- _To do_
Given the records below, would you repeat exactly the lines that begin at the one containing "circle A7 centre (12.9, -6.2) radius 1.4" and end at the one containing "diameter of A8", inclusive?

BEGIN

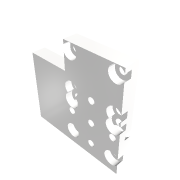
# Autodesk Inventor part: Gripper_linear_arm_1
Saved by Autodesk Inventor 2022 (Build 260153000, 153)
## iProperties
Created: 2023-01-05
Part Number: Gripper_linear_arm_1
Material: Generisch
Document SubType Name: Modeling
Designer: diederichbenedict
Density: 1 g/cm^3
Appearance: Glatt - Weiß
Author: diederichbenedict
Autodesk Inventor part; units mm, degrees
ref_plane "YZ Plane" through (0, 0, 0) normal (1, 0, 0) x (0, 1, 0)
ref_plane "XZ Plane" through (0, 0, 0) normal (0, 1, 0) x (-1, 0, 0)
ref_plane "XY Plane" through (0, 0, 0) normal (0, 0, 1) x (1, 0, 0)
ref_plane "Arbeitsebene1" through (-19.3, 0, 0) normal (0, 0, 1) x (1, 0, 0)
sketch "Skizze1" plane through (-19.3, 0, 0) normal (0, 0, 1) x (1, 0, 0)
  line L0 (19.3, -32.4) -> (25.8, -32.4) projected
  line L1 (25.8, 0) -> (25.8, -32.4) projected
  line L2 (19.3, 0) -> (25.8, 0) projected
  line L3 (19.3, 0) -> (19.3, -32.4) projected
  circle A0 centre (22.9, -6.2) radius 1.75 projected
  circle A1 centre (22.9, -26.2) radius 1.75 projected
  line L4 (0, -32.4) -> (6.5, -32.4) projected
  line L5 (6.5, 0) -> (6.5, -32.4) projected
  line L6 (0, 0) -> (6.5, 0) projected
  line L7 (0, 0) -> (0, -32.4) projected
  circle A2 centre (2.9, -6.2) radius 1.75 projected
  circle A3 centre (2.9, -26.2) radius 1.75 projected
  line L8 (25.8, 0) -> (-19.2, 0)
  line L9 (-19.2, 0) -> (-19.2, -32.4)
  line L10 (-19.2, -32.4) -> (25.8, -32.4)
  line L11 (25.8, -32.4) -> (25.8, 0)
  dimension "d0" = 45
  constraints: 8 end point, 2 parallel, 1 horizontal, 1 perpendicular
  measures "d0" distance of L10.end L9.end
extrude "Extrusion1" add sketch "Skizze1" along normal blind 6
sketch "Skizze2" plane through (-38.5, -32.4, 0) normal (0, -1, 0) x (1, 0, 0)
  circle A0 centre (5.95, -6) radius 1.75 projected
  line L0 (0, 0) -> (45, 0) projected
  line L1 (45, 0) -> (45, 6) projected
  line L2 (0, 6) -> (45, 6) projected
  line L3 (0, 0) -> (0, 6) projected
  line L4 (45, 0) -> (0, 0) projected
  line L5 (0, 0) -> (12, 0)
  line L6 (12, 0) -> (12, -12)
  line L7 (12, -12) -> (0, -12)
  line L8 (0, -12) -> (0, 0)
  circle A1 centre (5.95, -6) radius 1.6
  point P0 (38.5, 0)
  dimension "d3" = 12
  dimension "d4" = 12
  dimension "d5" = 3.2
  constraints: 8 end point, 2 parallel, 1 centre point, 1 coincident, 1 horizontal, 1 perpendicular
  measures "d3" distance of L6.end L7.end
  measures "d4" distance of L5.end L6.end
  measures "d5" diameter of A1
extrude "Extrusion2" add sketch "Skizze2" against normal blind 6 contours L0 L6 L7 L8
sketch "Skizze3" plane through (-19.3, 0, 6) normal (0, 0, 1) x (1, 0, 0)
  circle A0 centre (22.9, -6.2) radius 1.75 projected
  circle A1 centre (22.9, -26.2) radius 1.75 projected
  circle A2 centre (2.9, -26.2) radius 1.75 projected
  circle A3 centre (2.9, -6.2) radius 1.75 projected
  point P0 (19.3, 0)
hole "Bohrung1" at (3.6, -26.2, 6) at (3.6, -6.2, 6) at (-16.4, -6.2, 6) at (-16.4, -26.2, 6) direction (0, 0, -1) diameter 3 end through all counterbore diameter 6.5 counterbore depth 3
sketch "Skizze4" plane through (-19.3, 0, 0) normal (0, 0, 1) x (1, 0, 0)
  arc A0 (25.8, -24.7328) -> (25.8, -27.6672) centre (22.9, -26.2) ccw projected
  line L0 (25.8, -24.7328) -> (25.8, -7.6672) projected
  arc A1 (25.8, -4.7328) -> (25.8, -7.6672) centre (22.9, -6.2) ccw projected
  line L1 (25.8, -4.7328) -> (25.8, 0) projected
  line L2 (25.8, 0) -> (-19.2, 0) projected
  line L3 (-19.2, 0) -> (-19.2, -32.4) projected
  line L4 (-19.2, -32.4) -> (25.8, -32.4) projected
  line L5 (25.8, -32.4) -> (25.8, -27.6672) projected
  circle A2 centre (2.9, -26.2) radius 3.25 projected
  circle A3 centre (2.9, -6.2) radius 3.25 projected
  circle A4 centre (22.9, -16.2) radius 1.4
  circle A5 centre (2.9, -16.2) radius 1.4
  circle A6 centre (12.9, -16.2) radius 1.4
  circle A7 centre (12.9, -6.2) radius 1.4
  circle A8 centre (12.9, -26.2) radius 1.4
  point P0 (19.3, 0)
  dimension "d15" = 2.8
  dimension "d16" = 2.8
  dimension "d17" = 20
  dimension "d18" = 0
  dimension "d19" = 2.8
  dimension "d20" = 10
  dimension "d21" = 2.8
  dimension "d22" = 2.8
  constraints: 5 centre point, 5 coincident
  measures "d15" diameter of A4
  measures "d16" diameter of A5
  measures "d17" distance of A5.centre A4.centre
  measures "d18" horizontal distance of A0.centre A4.centre
  measures "d19" diameter of A6
  measures "d20" horizontal distance of A6.centre A0.centre
  measures "d21" diameter of A7
  measures "d22" diameter of A8
hole "Bohrung2" at (-16.4, -16.2, 0) at (-6.4, -16.2, 0) at (-6.4, -26.2, 0) at (3.6, -16.2, 0) at (-6.4, -6.2, 0) direction (0, 0, 1) diameter 3 end through all counterbore diameter 6.5 counterbore depth 3
sketch "Skizze5" plane through (-38.5, -26.4, 0) normal (0, 1, 0) x (1, 0, 0)
  point P0 (38.5, 0)
sketch "Skizze6" plane through (-38.5, -32.4, 6) normal (0, -1, 0) x (1, 0, 0)
  circle A0 centre (5.95, -12) radius 1.75 projected
  circle A1 centre (5.95, -12) radius 3.5
  point P0 (38.5, -6)
  dimension "d30" = 7
  constraints: 1 centre point, 1 coincident
  measures "d30" diameter of A1
extrude "Extrusion3" cut sketch "Skizze6" against normal blind 4 contours A0 | A1
sketch "Skizze7" plane through (-19.3, 0, 6) normal (0, 0, 1) x (1, 0, 0)
  line L0 (25.8, -4.7328) -> (25.8, 0) projected
  circle A0 centre (22.9, -16.2) radius 1.5 projected
  circle A1 centre (12.9, -16.2) radius 1.5 projected
  circle A2 centre (2.9, -16.2) radius 1.5 projected
  circle A3 centre (12.9, -26.2) radius 1.5 projected
  circle A4 centre (12.9, -6.2) radius 1.5 projected
  arc A5 (25.8, -24.7328) -> (25.8, -27.6672) centre (22.9, -26.2) ccw projected
  line L1 (25.8, -24.7328) -> (25.8, -7.6672) projected
  arc A6 (25.8, -4.7328) -> (25.8, -7.6672) centre (22.9, -6.2) ccw projected
  line L2 (25.8, -4.7328) -> (25.8, 0) projected
  line L3 (25.8, 0) -> (-19.2, 0) projected
  line L4 (-19.2, 0) -> (-19.2, -32.4) projected
  line L5 (-19.2, -32.4) -> (25.8, -32.4) projected
  line L6 (25.8, -32.4) -> (25.8, -27.6672) projected
  circle A7 centre (2.9, -26.2) radius 3.25 projected
  circle A8 centre (2.9, -6.2) radius 3.25 projected
  line L7 (0, 0) -> (0, -32.4) projected
  line L8 (25.8, 0) -> (0, 0)
  line L9 (0, 0) -> (0, 12)
  line L10 (0, 12) -> (25.8, 12)
  line L11 (25.8, 12) -> (25.8, 0)
  point P0 (19.3, 0)
  dimension "d34" = 12
  constraints: 8 end point, 2 parallel, 1 horizontal, 1 perpendicular
  measures "d34" distance of L7.start L9.end
extrude "Extrusion4" add sketch "Skizze7" against normal blind 6 contours L3 L9 L10 L11
sketch "Skizze8" plane through (-19.3, 0, 6) normal (0, 0, 1) x (1, 0, 0)
  circle A0 centre (22.9, 8.6709) radius 1.75
  circle A1 centre (2.9, 8.6709) radius 1.75
  circle A2 centre (22.9, -11.3291) radius 1.75
  circle A3 centre (2.9, -11.3291) radius 1.5
  line L0 (-3.15, 35.6) -> (-3.15, -57.8)
  point P0 (19.3, 14.8709)
  constraints: 4 centre point, 2 end point
hole "Bohrung3" at (3.6, 8.6709, 6) at (3.6, -11.3291, 6) at (-16.4, 8.6709, 6) at (-16.4, -11.3291, 6) direction (0, 0, -1) diameter 3 end through all counterbore diameter 6.5 counterbore depth 3
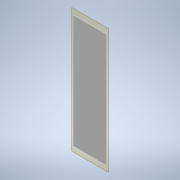
# Autodesk Inventor part: placa superior
Saved by Autodesk Inventor 2021 (Build 250183000, 183)
## iProperties
Created: 2021-03-18
Part Number: placa superior
Material: Stainless Steel
Document SubType Name: Modeling
Designer: andre
Density: 8 g/cm^3
Appearance: Semi-Polished
Author: andre
Autodesk Inventor part; units mm, degrees
ref_plane "YZ Plane" through (0, 0, 0) normal (1, 0, 0) x (0, 1, 0)
ref_plane "XZ Plane" through (0, 0, 0) normal (0, 1, 0) x (-1, 0, 0)
ref_plane "XY Plane" through (0, 0, 0) normal (0, 0, 1) x (1, 0, 0)
ref_plane "Work Plane1" through (0, 0, 0) normal (0, 0, 1) x (1, 0, 0)
sketch "Sketch1" plane through (0, 0, 0) normal (0, 0, 1) x (1, 0, 0)
  line L0 (-450, 1150) -> (-450, -1150) projected
  line L1 (-450, -1150) -> (450, -1150) projected
  line L2 (450, -1150) -> (450, 1150) projected
  line L3 (450, 1150) -> (-450, 1150) projected
  line L4 (-225, 600) -> (-225, 1050) projected
  line L5 (-225, 600) -> (-225, 500) projected
  line L6 (-225, 500) -> (-225, 50) projected
  line L7 (-225, 50) -> (-225, -50) projected
  line L8 (-225, -500) -> (-225, -50) projected
  line L9 (-225, -600) -> (-225, -500) projected
  line L10 (-225, 1150) -> (-225, 1050) projected
  line L11 (-225, -1050) -> (-225, -600) projected
  line L12 (-225, -1150) -> (-225, -1050) projected
  point P0 (0, 0)
extrude "Extrusion1" add sketch "Sketch1" along normal blind 6.35 contours L3 L2 L1 L12 L11 L9 L8 L7 L6 L5 L4 L10
body "Solid1"

END

- _Answer section_
  circle A7 centre (12.9, -6.2) radius 1.4
  circle A8 centre (12.9, -26.2) radius 1.4
  point P0 (19.3, 0)
  dimension "d15" = 2.8
  dimension "d16" = 2.8
  dimension "d17" = 20
  dimension "d18" = 0
  dimension "d19" = 2.8
  dimension "d20" = 10
  dimension "d21" = 2.8
  dimension "d22" = 2.8
  constraints: 5 centre point, 5 coincident
  measures "d15" diameter of A4
  measures "d16" diameter of A5
  measures "d17" distance of A5.centre A4.centre
  measures "d18" horizontal distance of A0.centre A4.centre
  measures "d19" diameter of A6
  measures "d20" horizontal distance of A6.centre A0.centre
  measures "d21" diameter of A7
  measures "d22" diameter of A8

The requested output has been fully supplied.